Python Examples for Chroma Vector Database

Adding Records to Chroma

Here's a Python example demonstrating how to add records (documents and embeddings) to a Chroma vector database:

Prerequisites

Make sure you have ChromaDB installed:


pip install chromadb

Example Code


import chromadb
from chromadb.utils import embedding_functions

# Initialize a Chroma client (in-memory) - you can change this to persistent storage
client = chromadb.Client()

# Create a collection (similar to a table in a relational database)
collection_name = "my_collection"
try:
    collection = client.create_collection(name=collection_name)
except:
    collection = client.get_collection(name=collection_name)  # If already exists, get it

# Example documents and their embeddings (replace with your actual data)
documents = [
    "This is the first document.",
    "This is the second document about cars.",
    "This is the third document discussing programming.",
    "This is the fourth document about artificial intelligence."
]

# Generate embeddings using a sentence transformer model
sentence_transformer_ef = embedding_functions.SentenceTransformerEmbeddingFunction(model_name="all-MiniLM-L6-v2")
collection.update_embeddings_function(sentence_transformer_ef)

# Add the documents to the collection (along with some metadata - optional)
ids = ["doc1", "doc2", "doc3", "doc4"]
metadatas = [
    {"source": "website1", "author": "userA"},
    {"source": "website2", "author": "userB"},
    {"source": "blog", "author": "userC"},
    {"source": "article", "author": "userD"}
]

collection.add(
    documents=documents,
    ids=ids,
    metadatas=metadatas,
)
print("Records added to Chroma collection.")

Retrieving Records from Chroma

Now, let's see how to retrieve records from the Chroma collection:

Example Code


import chromadb
from chromadb.utils import embedding_functions

# Initialize a Chroma client (in-memory)
client = chromadb.Client()

# Get the collection
collection_name = "my_collection"
collection = client.get_collection(name=collection_name)

# Example query
query = "Tell me about cars"

# Generate the embedding for the query
query_embedding = sentence_transformer_ef.encode(query)

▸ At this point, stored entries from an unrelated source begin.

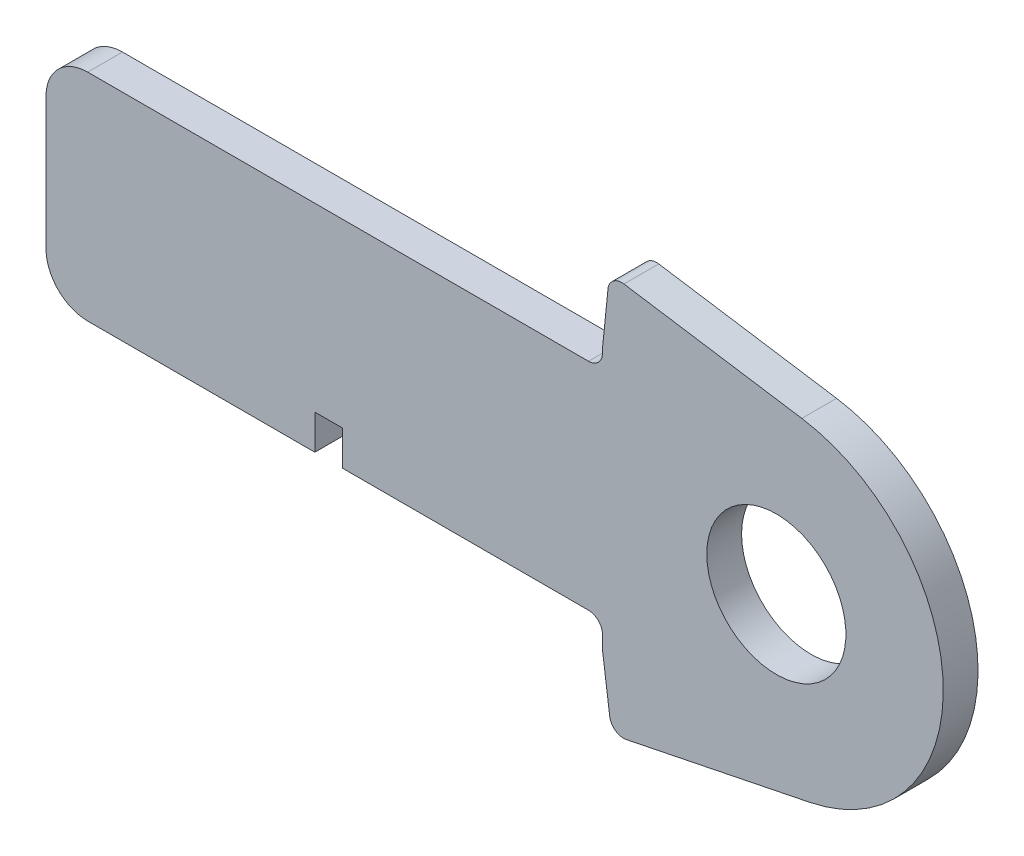
ISO-10303-21;
HEADER;
FILE_DESCRIPTION(('STEP AP214'),'2;1');
FILE_NAME('part.step','',(''),(''),'','','');
FILE_SCHEMA(('AUTOMOTIVE_DESIGN { 1 0 10303 214 1 1 1 1 }'));
ENDSEC;
DATA;
#1=APPLICATION_CONTEXT('core data for automotive mechanical design processes');
#2=APPLICATION_PROTOCOL_DEFINITION('international standard','automotive_design',2000,#1);
#3=PRODUCT_CONTEXT('',#1,'mechanical');
#4=PRODUCT('Part','Part','',(#3));
#5=PRODUCT_RELATED_PRODUCT_CATEGORY('part','',(#4));
#6=PRODUCT_DEFINITION_FORMATION('','',#4);
#7=PRODUCT_DEFINITION_CONTEXT('part definition',#1,'design');
#8=PRODUCT_DEFINITION('design','',#6,#7);
#9=PRODUCT_DEFINITION_SHAPE('','',#8);
#10=(LENGTH_UNIT() NAMED_UNIT(*) SI_UNIT(.MILLI.,.METRE.));
#11=(NAMED_UNIT(*) PLANE_ANGLE_UNIT() SI_UNIT($,.RADIAN.));
#12=(NAMED_UNIT(*) SI_UNIT($,.STERADIAN.) SOLID_ANGLE_UNIT());
#13=UNCERTAINTY_MEASURE_WITH_UNIT(LENGTH_MEASURE(1.E-05),#10,'distance_accuracy_value','');
#14=(GEOMETRIC_REPRESENTATION_CONTEXT(3) GLOBAL_UNCERTAINTY_ASSIGNED_CONTEXT((#13)) GLOBAL_UNIT_ASSIGNED_CONTEXT((#10,
#11,#12)) REPRESENTATION_CONTEXT('',''));
#15=CARTESIAN_POINT('',(0.,0.,0.));
#16=DIRECTION('',(0.,0.,1.));
#17=DIRECTION('',(1.,0.,0.));
#18=AXIS2_PLACEMENT_3D('',#15,#16,#17);
#19=CARTESIAN_POINT('',(213.422580288689,54.7287513036553,3.175));
#20=DIRECTION('',(0.,0.,-1.));
#21=DIRECTION('',(-1.,0.,0.));
#22=AXIS2_PLACEMENT_3D('',#19,#20,#21);
#23=PLANE('',#22);
#24=CARTESIAN_POINT('',(292.383806587551,26.255421434861,3.175));
#25=DIRECTION('',(0.,0.,-1.));
#26=DIRECTION('',(-1.,0.,0.));
#27=AXIS2_PLACEMENT_3D('',#24,#25,#26);
#28=CIRCLE('',#27,6.35);
#29=CARTESIAN_POINT('',(286.033806587551,26.255421434861,3.175));
#30=VERTEX_POINT('',#29);
#31=EDGE_CURVE('E292',#30,#30,#28,.T.);
#32=ORIENTED_EDGE('',*,*,#31,.T.);
#33=EDGE_LOOP('',(#32));
#34=FACE_BOUND('',#33,.T.);
#35=DIRECTION('',(-0.133331034869946,0.991071559041278,0.));
#36=VECTOR('',#35,1.);
#37=CARTESIAN_POINT('',(273.434595269181,36.7857570161253,3.175));
#38=LINE('',#37,#36);
#39=CARTESIAN_POINT('',(277.174368657139,8.98740499943636,3.175));
#40=VERTEX_POINT('',#39);
#41=CARTESIAN_POINT('',(276.508806587551,13.9346375667709,3.175));
#42=VERTEX_POINT('',#41);
#43=EDGE_CURVE('E243',#40,#42,#38,.T.);
#44=ORIENTED_EDGE('',*,*,#43,.F.);
#45=CARTESIAN_POINT('',(278.433029537121,9.15673541372118,3.175));
#46=DIRECTION('',(0.,0.,-1.));
#47=DIRECTION('',(-1.,0.,0.));
#48=AXIS2_PLACEMENT_3D('',#45,#46,#47);
#49=CIRCLE('',#48,1.27);
#50=CARTESIAN_POINT('',(278.686524593638,7.91229165994138,3.175));
#51=VERTEX_POINT('',#50);
#52=EDGE_CURVE('E318',#40,#51,#49,.F.);
#53=ORIENTED_EDGE('',*,*,#52,.T.);
#54=DIRECTION('',(0.979876971480177,0.199602406706023,0.));
#55=VECTOR('',#54,1.);
#56=CARTESIAN_POINT('',(9.55565157305778,-46.9100702664279,3.175));
#57=LINE('',#56,#55);
#58=CARTESIAN_POINT('',(295.425747265751,11.3220963895031,3.175));
#59=VERTEX_POINT('',#58);
#60=EDGE_CURVE('E241',#51,#59,#57,.T.);
#61=ORIENTED_EDGE('',*,*,#60,.T.);
#62=CARTESIAN_POINT('',(292.383806587551,26.255421434861,3.175));
#63=DIRECTION('',(0.,0.,1.));
#64=DIRECTION('',(1.,0.,0.));
#65=AXIS2_PLACEMENT_3D('',#62,#63,#64);
#66=CIRCLE('',#65,15.24);
#67=CARTESIAN_POINT('',(294.709258182036,41.3169577071576,3.175));
#68=VERTEX_POINT('',#67);
#69=EDGE_CURVE('E269',#59,#68,#66,.T.);
#70=ORIENTED_EDGE('',*,*,#69,.T.);
#71=DIRECTION('',(0.988289781646758,-0.152588687302186,0.));
#72=VECTOR('',#71,1.);
#73=CARTESIAN_POINT('',(13.0924795434369,84.7976608093711,3.175));
#74=LINE('',#73,#72);
#75=CARTESIAN_POINT('',(278.470624311763,43.824149293938,3.175));
#76=VERTEX_POINT('',#75);
#77=EDGE_CURVE('E267',#76,#68,#74,.T.);
#78=ORIENTED_EDGE('',*,*,#77,.F.);
#79=CARTESIAN_POINT('',(278.27683667889,42.5690212712466,3.175));
#80=DIRECTION('',(0.,0.,-1.));
#81=DIRECTION('',(-1.,0.,0.));
#82=AXIS2_PLACEMENT_3D('',#79,#80,#81);
#83=CIRCLE('',#82,1.27);
#84=CARTESIAN_POINT('',(277.013295568393,42.6969425833287,3.175));
#85=VERTEX_POINT('',#84);
#86=EDGE_CURVE('E316',#76,#85,#83,.F.);
#87=ORIENTED_EDGE('',*,*,#86,.T.);
#88=DIRECTION('',(0.10072544258434,0.994914260233609,0.));
#89=VECTOR('',#88,1.);
#90=CARTESIAN_POINT('',(269.924029023359,-27.3271962964349,3.175));
#91=LINE('',#90,#89);
#92=CARTESIAN_POINT('',(276.508806587551,37.7138591806421,3.175));
#93=VERTEX_POINT('',#92);
#94=EDGE_CURVE('E264',#93,#85,#91,.T.);
#95=ORIENTED_EDGE('',*,*,#94,.F.);
#96=DIRECTION('',(0.,1.,0.));
#97=VECTOR('',#96,1.);
#98=CARTESIAN_POINT('',(276.508806587551,0.,3.175));
#99=LINE('',#98,#97);
#100=CARTESIAN_POINT('',(276.508806587551,37.367921434861,3.175));
#101=VERTEX_POINT('',#100);
#102=EDGE_CURVE('E247',#101,#93,#99,.T.);
#103=ORIENTED_EDGE('',*,*,#102,.F.);
#104=CARTESIAN_POINT('',(275.238806587551,37.367921434861,3.175));
#105=DIRECTION('',(0.,0.,-1.));
#106=DIRECTION('',(-1.,0.,0.));
#107=AXIS2_PLACEMENT_3D('',#104,#105,#106);
#108=CIRCLE('',#107,1.27);
#109=CARTESIAN_POINT('',(275.238806587551,36.097921434861,3.175));
#110=VERTEX_POINT('',#109);
#111=EDGE_CURVE('E57',#101,#110,#108,.T.);
#112=ORIENTED_EDGE('',*,*,#111,.T.);
#113=DIRECTION('',(1.,0.,0.));
#114=VECTOR('',#113,1.);
#115=CARTESIAN_POINT('',(0.,36.097921434861,3.175));
#116=LINE('',#115,#114);
#117=CARTESIAN_POINT('',(229.518806587551,36.097921434861,3.175));
#118=VERTEX_POINT('',#117);
#119=EDGE_CURVE('E261',#118,#110,#116,.T.);
#120=ORIENTED_EDGE('',*,*,#119,.F.);
#121=CARTESIAN_POINT('',(229.518806587551,32.287921434861,3.175));
#122=DIRECTION('',(0.,0.,-1.));
#123=DIRECTION('',(-1.,0.,0.));
#124=AXIS2_PLACEMENT_3D('',#121,#122,#123);
#125=CIRCLE('',#124,3.81);
#126=CARTESIAN_POINT('',(225.708806587551,32.287921434861,3.175));
#127=VERTEX_POINT('',#126);
#128=EDGE_CURVE('E300',#118,#127,#125,.F.);
#129=ORIENTED_EDGE('',*,*,#128,.T.);
#130=DIRECTION('',(0.,-1.,0.));
#131=VECTOR('',#130,1.);
#132=CARTESIAN_POINT('',(225.708806587551,0.,3.175));
#133=LINE('',#132,#131);
#134=CARTESIAN_POINT('',(225.708806587551,20.222921434861,3.175));
#135=VERTEX_POINT('',#134);
#136=EDGE_CURVE('E258',#127,#135,#133,.T.);
#137=ORIENTED_EDGE('',*,*,#136,.T.);
#138=CARTESIAN_POINT('',(229.518806587551,20.222921434861,3.175));
#139=DIRECTION('',(0.,0.,-1.));
#140=DIRECTION('',(-1.,0.,0.));
#141=AXIS2_PLACEMENT_3D('',#138,#139,#140);
#142=CIRCLE('',#141,3.81);
#143=CARTESIAN_POINT('',(229.518806587551,16.412921434861,3.175));
#144=VERTEX_POINT('',#143);
#145=EDGE_CURVE('E302',#135,#144,#142,.F.);
#146=ORIENTED_EDGE('',*,*,#145,.T.);
#147=DIRECTION('',(1.,0.,0.));
#148=VECTOR('',#147,1.);
#149=CARTESIAN_POINT('',(0.,16.412921434861,3.175));
#150=LINE('',#149,#148);
#151=CARTESIAN_POINT('',(250.254440989192,16.412921434861,3.175));
#152=VERTEX_POINT('',#151);
#153=EDGE_CURVE('E250',#144,#152,#150,.T.);
#154=ORIENTED_EDGE('',*,*,#153,.T.);
#155=DIRECTION('',(0.,1.,0.));
#156=VECTOR('',#155,1.);
#157=CARTESIAN_POINT('',(250.254440989192,0.,3.175));
#158=LINE('',#157,#156);
#159=CARTESIAN_POINT('',(250.254440989192,19.587921434861,3.175));
#160=VERTEX_POINT('',#159);
#161=EDGE_CURVE('E255',#152,#160,#158,.T.);
#162=ORIENTED_EDGE('',*,*,#161,.T.);
#163=DIRECTION('',(1.,0.,0.));
#164=VECTOR('',#163,1.);
#165=CARTESIAN_POINT('',(0.,19.587921434861,3.175));
#166=LINE('',#165,#164);
#167=CARTESIAN_POINT('',(252.794440989192,19.587921434861,3.175));
#168=VERTEX_POINT('',#167);
#169=EDGE_CURVE('E252',#160,#168,#166,.T.);
#170=ORIENTED_EDGE('',*,*,#169,.T.);
#171=DIRECTION('',(0.,-1.,0.));
#172=VECTOR('',#171,1.);
#173=CARTESIAN_POINT('',(252.794440989192,0.,3.175));
#174=LINE('',#173,#172);
#175=CARTESIAN_POINT('',(252.794440989192,16.412921434861,3.175));
#176=VERTEX_POINT('',#175);
#177=EDGE_CURVE('E249',#168,#176,#174,.T.);
#178=ORIENTED_EDGE('',*,*,#177,.T.);
#179=CARTESIAN_POINT('',(275.238806587551,16.412921434861,3.175));
#180=VERTEX_POINT('',#179);
#181=EDGE_CURVE('E204',#176,#180,#150,.T.);
#182=ORIENTED_EDGE('',*,*,#181,.T.);
#183=CARTESIAN_POINT('',(275.238806587551,15.142921434861,3.175));
#184=DIRECTION('',(0.,0.,-1.));
#185=DIRECTION('',(-1.,0.,0.));
#186=AXIS2_PLACEMENT_3D('',#183,#184,#185);
#187=CIRCLE('',#186,1.27);
#188=CARTESIAN_POINT('',(276.508806587551,15.142921434861,3.175));
#189=VERTEX_POINT('',#188);
#190=EDGE_CURVE('E339',#180,#189,#187,.T.);
#191=ORIENTED_EDGE('',*,*,#190,.T.);
#192=EDGE_CURVE('E245',#42,#189,#99,.T.);
#193=ORIENTED_EDGE('',*,*,#192,.F.);
#194=EDGE_LOOP('',(#44,#53,#61,#70,#78,#87,#95,#103,#112,#120,#129,#137,#146,#154,#162,#170,
#178,#182,#191,#193));
#195=FACE_BOUND('',#194,.T.);
#196=ADVANCED_FACE('F49',(#34,#195),#23,.F.);
#197=CARTESIAN_POINT('',(213.422580288689,54.7287513036553,0.));
#198=DIRECTION('',(0.,0.,-1.));
#199=DIRECTION('',(-1.,0.,0.));
#200=AXIS2_PLACEMENT_3D('',#197,#198,#199);
#201=PLANE('',#200);
#202=CARTESIAN_POINT('',(292.383806587551,26.255421434861,0.));
#203=DIRECTION('',(0.,0.,-1.));
#204=DIRECTION('',(-1.,0.,0.));
#205=AXIS2_PLACEMENT_3D('',#202,#203,#204);
#206=CIRCLE('',#205,6.35);
#207=CARTESIAN_POINT('',(286.033806587551,26.255421434861,0.));
#208=VERTEX_POINT('',#207);
#209=EDGE_CURVE('E276',#208,#208,#206,.T.);
#210=ORIENTED_EDGE('',*,*,#209,.F.);
#211=EDGE_LOOP('',(#210));
#212=FACE_BOUND('',#211,.T.);
#213=DIRECTION('',(0.979876971480177,0.199602406706023,0.));
#214=VECTOR('',#213,1.);
#215=CARTESIAN_POINT('',(9.55565157305778,-46.9100702664279,0.));
#216=LINE('',#215,#214);
#217=CARTESIAN_POINT('',(278.686524593638,7.91229165994138,0.));
#218=VERTEX_POINT('',#217);
#219=CARTESIAN_POINT('',(295.425747265751,11.3220963895031,0.));
#220=VERTEX_POINT('',#219);
#221=EDGE_CURVE('E272',#218,#220,#216,.T.);
#222=ORIENTED_EDGE('',*,*,#221,.F.);
#223=CARTESIAN_POINT('',(278.433029537121,9.15673541372118,0.));
#224=DIRECTION('',(0.,0.,-1.));
#225=DIRECTION('',(-1.,0.,0.));
#226=AXIS2_PLACEMENT_3D('',#223,#224,#225);
#227=CIRCLE('',#226,1.27);
#228=CARTESIAN_POINT('',(277.174368657139,8.98740499943636,0.));
#229=VERTEX_POINT('',#228);
#230=EDGE_CURVE('E324',#218,#229,#227,.T.);
#231=ORIENTED_EDGE('',*,*,#230,.T.);
#232=DIRECTION('',(-0.133331034869946,0.991071559041278,0.));
#233=VECTOR('',#232,1.);
#234=CARTESIAN_POINT('',(273.434595269181,36.7857570161253,0.));
#235=LINE('',#234,#233);
#236=CARTESIAN_POINT('',(276.508806587551,13.9346375667709,0.));
#237=VERTEX_POINT('',#236);
#238=EDGE_CURVE('E213',#229,#237,#235,.T.);
#239=ORIENTED_EDGE('',*,*,#238,.T.);
#240=DIRECTION('',(0.,1.,0.));
#241=VECTOR('',#240,1.);
#242=CARTESIAN_POINT('',(276.508806587551,0.,0.));
#243=LINE('',#242,#241);
#244=CARTESIAN_POINT('',(276.508806587551,15.142921434861,0.));
#245=VERTEX_POINT('',#244);
#246=EDGE_CURVE('E210',#237,#245,#243,.T.);
#247=ORIENTED_EDGE('',*,*,#246,.T.);
#248=CARTESIAN_POINT('',(275.238806587551,15.142921434861,0.));
#249=DIRECTION('',(0.,0.,-1.));
#250=DIRECTION('',(-1.,0.,0.));
#251=AXIS2_PLACEMENT_3D('',#248,#249,#250);
#252=CIRCLE('',#251,1.27);
#253=CARTESIAN_POINT('',(275.238806587551,16.412921434861,0.));
#254=VERTEX_POINT('',#253);
#255=EDGE_CURVE('E64',#245,#254,#252,.F.);
#256=ORIENTED_EDGE('',*,*,#255,.T.);
#257=DIRECTION('',(1.,0.,0.));
#258=VECTOR('',#257,1.);
#259=CARTESIAN_POINT('',(0.,16.412921434861,0.));
#260=LINE('',#259,#258);
#261=CARTESIAN_POINT('',(252.794440989192,16.412921434861,0.));
#262=VERTEX_POINT('',#261);
#263=EDGE_CURVE('E197',#262,#254,#260,.T.);
#264=ORIENTED_EDGE('',*,*,#263,.F.);
#265=DIRECTION('',(0.,-1.,0.));
#266=VECTOR('',#265,1.);
#267=CARTESIAN_POINT('',(252.794440989192,0.,0.));
#268=LINE('',#267,#266);
#269=CARTESIAN_POINT('',(252.794440989192,19.587921434861,0.));
#270=VERTEX_POINT('',#269);
#271=EDGE_CURVE('E188',#270,#262,#268,.T.);
#272=ORIENTED_EDGE('',*,*,#271,.F.);
#273=DIRECTION('',(1.,0.,0.));
#274=VECTOR('',#273,1.);
#275=CARTESIAN_POINT('',(0.,19.587921434861,0.));
#276=LINE('',#275,#274);
#277=CARTESIAN_POINT('',(250.254440989192,19.587921434861,0.));
#278=VERTEX_POINT('',#277);
#279=EDGE_CURVE('E196',#278,#270,#276,.T.);
#280=ORIENTED_EDGE('',*,*,#279,.F.);
#281=DIRECTION('',(0.,1.,0.));
#282=VECTOR('',#281,1.);
#283=CARTESIAN_POINT('',(250.254440989192,0.,0.));
#284=LINE('',#283,#282);
#285=CARTESIAN_POINT('',(250.254440989192,16.412921434861,0.));
#286=VERTEX_POINT('',#285);
#287=EDGE_CURVE('E217',#286,#278,#284,.T.);
#288=ORIENTED_EDGE('',*,*,#287,.F.);
#289=CARTESIAN_POINT('',(229.518806587551,16.412921434861,0.));
#290=VERTEX_POINT('',#289);
#291=EDGE_CURVE('E212',#290,#286,#260,.T.);
#292=ORIENTED_EDGE('',*,*,#291,.F.);
#293=CARTESIAN_POINT('',(229.518806587551,20.222921434861,0.));
#294=DIRECTION('',(0.,0.,-1.));
#295=DIRECTION('',(-1.,0.,0.));
#296=AXIS2_PLACEMENT_3D('',#293,#294,#295);
#297=CIRCLE('',#296,3.81);
#298=CARTESIAN_POINT('',(225.708806587551,20.222921434861,0.));
#299=VERTEX_POINT('',#298);
#300=EDGE_CURVE('E308',#290,#299,#297,.T.);
#301=ORIENTED_EDGE('',*,*,#300,.T.);
#302=DIRECTION('',(0.,-1.,0.));
#303=VECTOR('',#302,1.);
#304=CARTESIAN_POINT('',(225.708806587551,0.,0.));
#305=LINE('',#304,#303);
#306=CARTESIAN_POINT('',(225.708806587551,32.287921434861,0.));
#307=VERTEX_POINT('',#306);
#308=EDGE_CURVE('E216',#307,#299,#305,.T.);
#309=ORIENTED_EDGE('',*,*,#308,.F.);
#310=CARTESIAN_POINT('',(229.518806587551,32.287921434861,0.));
#311=DIRECTION('',(0.,0.,-1.));
#312=DIRECTION('',(-1.,0.,0.));
#313=AXIS2_PLACEMENT_3D('',#310,#311,#312);
#314=CIRCLE('',#313,3.81);
#315=CARTESIAN_POINT('',(229.518806587551,36.097921434861,0.));
#316=VERTEX_POINT('',#315);
#317=EDGE_CURVE('E306',#307,#316,#314,.T.);
#318=ORIENTED_EDGE('',*,*,#317,.T.);
#319=DIRECTION('',(1.,0.,0.));
#320=VECTOR('',#319,1.);
#321=CARTESIAN_POINT('',(0.,36.097921434861,0.));
#322=LINE('',#321,#320);
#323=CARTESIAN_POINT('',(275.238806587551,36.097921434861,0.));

# Perform a similarity search
results = collection.query(
    query_embeddings=[query_embedding],
    n_results=2  # Retrieve the top 2 most similar records
)

# Print the results
print("Query Results:")
print(results)
# Access the documents
print("\nDocuments:")
print(results['documents'][0])

# Access the metadatas
print("\nMetadatas:")
print(results['metadatas'][0])

# Access the ids
print("\nIds:")
print(results['ids'][0])

Explanation

The code first initializes a Chroma client and creates (or retrieves) a collection.
It then defines a query string and generates its embedding using the same embedding function as used when adding the records.
The `collection.query()` method performs a similarity search, returning the top `n_results` records that are most similar to the query embedding.
The `results` dictionary contains various information about the retrieved records, including the documents, metadata, and IDs.

Remember to replace the example data and query with your own data and queries.